Records for the exercise:
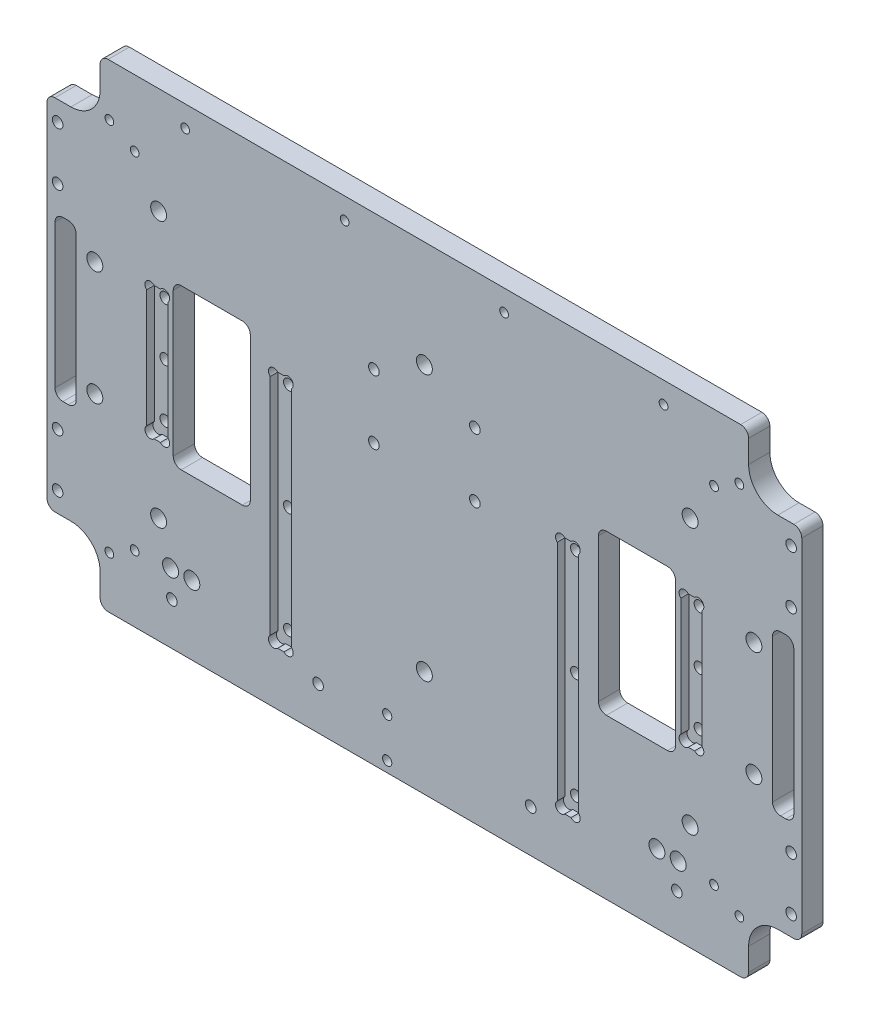
from build123d import *

# Parameters (mm, degrees)
ESQUISSE1_W                  = 284
ESQUISSE1_H                  = 180
BOSS_EXTRU_1_DEPTH           = 8
ESQUISSE2_W                  = 29
ESQUISSE2_H                  = 60
ESQUISSE2_W_2                = 8
ENL_V_MAT_EXTRU_1_DEPTH      = 9
ESQUISSE3_R                  = 1.65
ENL_V_MAT_EXTRU_2_DEPTH      = 8
ESQUISSE4_W                  = 8
ESQUISSE4_H                  = 90
ESQUISSE4_H_2                = 50
ENL_V_MAT_EXTRU_3_DEPTH      = 3
ESQUISSE5_R                  = 2
ENL_V_MAT_EXTRU_4_DEPTH      = 9
ESQUISSE6_R                  = 3
ENL_V_MAT_EXTRU_5_DEPTH      = 9
ESQUISSE8_W                  = 20
ESQUISSE8_H                  = 22.5
ENL_V_MAT_EXTRU_7_DEPTH      = 9
CONG_1_R                     = 11
ESQUISSE7_R                  = 1.65
ENL_V_MAT_EXTRU_6_DEPTH      = 9
CONG_2_R                     = 3
ESQUISSE9_R                  = 2
ENL_V_MAT_EXTRU_8_DEPTH      = 3
CONG_3_R                     = 3
ESQUISSE10_R                 = 2
ENL_V_MAT_EXTRU_9_DEPTH      = 6
ESQUISSE11_R                 = 2
ESQUISSE11_R_2               = 3
ENL_V_MAT_EXTRU_10_DEPTH     = 9
ESQUISSE12_R                 = 1.75
ENL_V_MAT_EXTRU_11_DEPTH     = 9
ESQUISSE13_R                 = 2
ENL_V_MAT_EXTRU_12_DEPTH     = 9
ESQUISSE14_R                 = 3
FIXATIONS_USINAGE_DEPTH      = 1
FIXATIONS_USINAGE_DEPTH_BACK = 9


with BuildPart() as part:
    # Esquisse1 → Boss.-Extru.1 (new body)
    with BuildSketch(Plane.XY):
        with Locations((142, 90)):
            Rectangle(ESQUISSE1_W, ESQUISSE1_H)
    extrude(amount=BOSS_EXTRU_1_DEPTH)

    # Esquisse2 → Enlèv. mat.-Extru.1 (cut, through all)
    with BuildSketch(Plane.XY.offset(8)):
        with Locations((62, 90)):
            Rectangle(ESQUISSE2_W, ESQUISSE2_H)
        with Locations((7, 90)):
            Rectangle(ESQUISSE2_W_2, ESQUISSE2_H)
        with Locations((277, 90)):
            Rectangle(ESQUISSE2_W_2, ESQUISSE2_H)
        with Locations((222, 90)):
            Rectangle(ESQUISSE2_W, ESQUISSE2_H)
    extrude(amount=-ENL_V_MAT_EXTRU_1_DEPTH, mode=Mode.SUBTRACT)

    # Esquisse3 → Enlèv. mat.-Extru.2 (cut)
    with BuildSketch(Plane.XY.offset(8)):
        with Locations((112, 172)):
            Circle(ESQUISSE3_R)
        with Locations((172, 172)):
            Circle(ESQUISSE3_R)
        with Locations((232, 172)):
            Circle(ESQUISSE3_R)
        with Locations((52, 172)):
            Circle(ESQUISSE3_R)
    extrude(amount=-ENL_V_MAT_EXTRU_2_DEPTH, mode=Mode.SUBTRACT)

    # Esquisse4 → Enlèv. mat.-Extru.3 (cut)
    with BuildSketch(Plane.XY.offset(8)):
        with Locations((88, 65)):
            Rectangle(ESQUISSE4_W, ESQUISSE4_H)
        with Locations((196, 65)):
            Rectangle(ESQUISSE4_W, ESQUISSE4_H)
        with Locations((41.5, 90)):
            Rectangle(ESQUISSE4_W, ESQUISSE4_H_2)
        with Locations((242.5, 90)):
            Rectangle(ESQUISSE4_W, ESQUISSE4_H_2)
    extrude(amount=-ENL_V_MAT_EXTRU_3_DEPTH, mode=Mode.SUBTRACT)

    # Esquisse5 → Enlèv. mat.-Extru.4 (cut, through all)
    with BuildSketch(Plane.XY.offset(8)):
        with Locations((123, 129)):
            Circle(ESQUISSE5_R)
        with Locations((123, 105)):
            Circle(ESQUISSE5_R)
        with Locations((161, 105)):
            Circle(ESQUISSE5_R)
        with Locations((161, 129)):
            Circle(ESQUISSE5_R)
    extrude(amount=-ENL_V_MAT_EXTRU_4_DEPTH, mode=Mode.SUBTRACT)

    # Esquisse6 → Enlèv. mat.-Extru.5 (cut, through all)
    with BuildSketch(Plane.XY.offset(8)):
        with Locations((18, 111.5)):
            Circle(ESQUISSE6_R)
        with Locations((18, 68.5)):
            Circle(ESQUISSE6_R)
        with Locations((266, 68.5)):
            Circle(ESQUISSE6_R)
        with Locations((266, 111.5)):
            Circle(ESQUISSE6_R)
    extrude(amount=-ENL_V_MAT_EXTRU_5_DEPTH, mode=Mode.SUBTRACT)

    # Esquisse8 → Enlèv. mat.-Extru.7 (cut, through all)
    with BuildSketch(Plane.XY.offset(8)):
        with Locations((10, 168.75)):
            Rectangle(ESQUISSE8_W, ESQUISSE8_H)
        with Locations((274, 168.75)):
            Rectangle(ESQUISSE8_W, ESQUISSE8_H)
        with Locations((274, 11.25)):
            Rectangle(ESQUISSE8_W, ESQUISSE8_H)
        with Locations((10, 11.25)):
            Rectangle(ESQUISSE8_W, ESQUISSE8_H)
    extrude(amount=-ENL_V_MAT_EXTRU_7_DEPTH, mode=Mode.SUBTRACT)

    # Congé1
    cong_1_edges = [part.edges().sort_by_distance(p)[0] for p in [
        (20, 157.5, 4),
        (264, 157.5, 4),
        (20, 22.5, 4),
        (264, 22.5, 4),
    ]]
    fillet(cong_1_edges, radius=CONG_1_R)

    # Esquisse7 → Enlèv. mat.-Extru.6 (cut, through all)
    with BuildSketch(Plane.XY.offset(8)):
        with Locations((33, 155)):
            Circle(ESQUISSE7_R)
        with Locations((23.473720558, 160.5)):
            Circle(ESQUISSE7_R)
        with Locations((260.526279442, 160.5)):
            Circle(ESQUISSE7_R)
        with Locations((251, 155)):
            Circle(ESQUISSE7_R)
        with Locations((23.473720558, 19.5)):
            Circle(ESQUISSE7_R)
        with Locations((33, 25)):
            Circle(ESQUISSE7_R)
        with Locations((251, 25)):
            Circle(ESQUISSE7_R)
        with Locations((260.526279442, 19.5)):
            Circle(ESQUISSE7_R)
    extrude(amount=-ENL_V_MAT_EXTRU_6_DEPTH, mode=Mode.SUBTRACT)

    # Congé2
    cong_2_edges = [part.edges().sort_by_distance(p)[0] for p in [
        (47.5, 60, 4),
        (47.5, 120, 4),
        (76.5, 120, 4),
        (76.5, 60, 4),
        (3, 60, 4),
        (3, 120, 4),
        (11, 120, 4),
        (11, 60, 4),
        (281, 60, 4),
        (273, 60, 4),
        (273, 120, 4),
        (281, 120, 4),
        (236.5, 60, 4),
        (207.5, 60, 4),
        (207.5, 120, 4),
        (236.5, 120, 4),
    ]]
    fillet(cong_2_edges, radius=CONG_2_R)

    # Esquisse9 → Enlèv. mat.-Extru.8 (cut)
    with BuildSketch(Plane.XY.offset(8)):
        with Locations((38.843502884, 113.656497116)):
            Circle(ESQUISSE9_R)
        with Locations((44.156497116, 113.656497116)):
            Circle(ESQUISSE9_R)
        with Locations((44.156497116, 66.343502884)):
            Circle(ESQUISSE9_R)
        with Locations((38.843502884, 66.343502884)):
            Circle(ESQUISSE9_R)
        with Locations((245.156497116, 66.343502884)):
            Circle(ESQUISSE9_R)
        with Locations((239.843502884, 66.343502884)):
            Circle(ESQUISSE9_R)
        with Locations((239.843502884, 113.656497116)):
            Circle(ESQUISSE9_R)
        with Locations((245.156497116, 113.656497116)):
            Circle(ESQUISSE9_R)
        with Locations((85.343502884, 108.656497116)):
            Circle(ESQUISSE9_R)
        with Locations((90.656497116, 108.656497116)):
            Circle(ESQUISSE9_R)
        with Locations((90.656497116, 21.343502884)):
            Circle(ESQUISSE9_R)
        with Locations((85.343502884, 21.343502884)):
            Circle(ESQUISSE9_R)
        with Locations((198.656497116, 21.343502884)):
            Circle(ESQUISSE9_R)
        with Locations((193.343502884, 21.343502884)):
            Circle(ESQUISSE9_R)
        with Locations((193.343502884, 108.656497116)):
            Circle(ESQUISSE9_R)
        with Locations((198.656497116, 108.656497116)):
            Circle(ESQUISSE9_R)
    extrude(amount=-ENL_V_MAT_EXTRU_8_DEPTH, mode=Mode.SUBTRACT)

    # Congé3
    cong_3_edges = [part.edges().sort_by_distance(p)[0] for p in [
        (0, 157.5, 4),
        (20, 180, 4),
        (264, 180, 4),
        (284, 157.5, 4),
        (0, 22.5, 4),
        (20, 0, 4),
        (264, 0, 4),
        (284, 22.5, 4),
    ]]
    fillet(cong_3_edges, radius=CONG_3_R)

    # Esquisse10 → Enlèv. mat.-Extru.9 (cut, through all)
    with BuildSketch(Plane.XY.offset(5)):
        with Locations((41.5, 90)):
            Circle(ESQUISSE10_R)
        with Locations((41.5, 70)):
            Circle(ESQUISSE10_R)
        with Locations((41.5, 110)):
            Circle(ESQUISSE10_R)
        with Locations((88, 65)):
            Circle(ESQUISSE10_R)
        with Locations((88, 25)):
            Circle(ESQUISSE10_R)
        with Locations((88, 105)):
            Circle(ESQUISSE10_R)
        with Locations((196, 105)):
            Circle(ESQUISSE10_R)
        with Locations((196, 25)):
            Circle(ESQUISSE10_R)
        with Locations((196, 65)):
            Circle(ESQUISSE10_R)
        with Locations((242.5, 110)):
            Circle(ESQUISSE10_R)
        with Locations((242.5, 70)):
            Circle(ESQUISSE10_R)
        with Locations((242.5, 90)):
            Circle(ESQUISSE10_R)
    extrude(amount=-ENL_V_MAT_EXTRU_9_DEPTH, mode=Mode.SUBTRACT)

    # Esquisse11 → Enlèv. mat.-Extru.10 (cut, through all)
    with BuildSketch(Plane.XY.offset(8)):
        with Locations((47, 16)):
            Circle(ESQUISSE11_R)
        with Locations((237, 16)):
            Circle(ESQUISSE11_R)
        with Locations((102, 16)):
            Circle(ESQUISSE11_R)
        with Locations((46.5, 26)):
            Circle(ESQUISSE11_R_2)
        with Locations((54.5, 26)):
            Circle(ESQUISSE11_R_2)
        with Locations((229.5, 26)):
            Circle(ESQUISSE11_R_2)
        with Locations((237.5, 26)):
            Circle(ESQUISSE11_R_2)
        with Locations((182, 16)):
            Circle(ESQUISSE11_R)
    extrude(amount=-ENL_V_MAT_EXTRU_10_DEPTH, mode=Mode.SUBTRACT)

    # Esquisse12 → Enlèv. mat.-Extru.11 (cut, through all)
    with BuildSketch(Plane.XY.offset(8)):
        with Locations((128, 4)):
            Circle(ESQUISSE12_R)
        with Locations((128, 19)):
            Circle(ESQUISSE12_R)
    extrude(amount=-ENL_V_MAT_EXTRU_11_DEPTH, mode=Mode.SUBTRACT)

    # Esquisse13 → Enlèv. mat.-Extru.12 (cut, through all)
    with BuildSketch(Plane.XY.offset(8)):
        with Locations((4, 30)):
            Circle(ESQUISSE13_R)
        with Locations((4, 50)):
            Circle(ESQUISSE13_R)
        with Locations((4, 130)):
            Circle(ESQUISSE13_R)
        with Locations((4, 150)):
            Circle(ESQUISSE13_R)
        with Locations((280, 150)):
            Circle(ESQUISSE13_R)
        with Locations((280, 130)):
            Circle(ESQUISSE13_R)
        with Locations((280, 50)):
            Circle(ESQUISSE13_R)
        with Locations((280, 30)):
            Circle(ESQUISSE13_R)
    extrude(amount=-ENL_V_MAT_EXTRU_12_DEPTH, mode=Mode.SUBTRACT)

    # Esquisse14 → fixations_usinage (cut, two sides)
    with BuildSketch(Plane.XY.offset(8)) as fixations_usinage_sk:
        with Locations((42, 140)):
            Circle(ESQUISSE14_R)
        with Locations((42, 40)):
            Circle(ESQUISSE14_R)
        with Locations((242, 40)):
            Circle(ESQUISSE14_R)
        with Locations((242, 140)):
            Circle(ESQUISSE14_R)
        with Locations((142, 40)):
            Circle(ESQUISSE14_R)
        with Locations((142, 140)):
            Circle(ESQUISSE14_R)
    extrude(amount=FIXATIONS_USINAGE_DEPTH, mode=Mode.SUBTRACT)
    extrude(fixations_usinage_sk.sketch, amount=-FIXATIONS_USINAGE_DEPTH_BACK, mode=Mode.SUBTRACT)


solid = part.part

Exercise goal:
Whenever the string "part" shows up in a line of the entries, copy that line.

Response below:
with BuildPart() as part:
    cong_1_edges = [part.edges().sort_by_distance(p)[0] for p in [
    cong_2_edges = [part.edges().sort_by_distance(p)[0] for p in [
    cong_3_edges = [part.edges().sort_by_distance(p)[0] for p in [
solid = part.part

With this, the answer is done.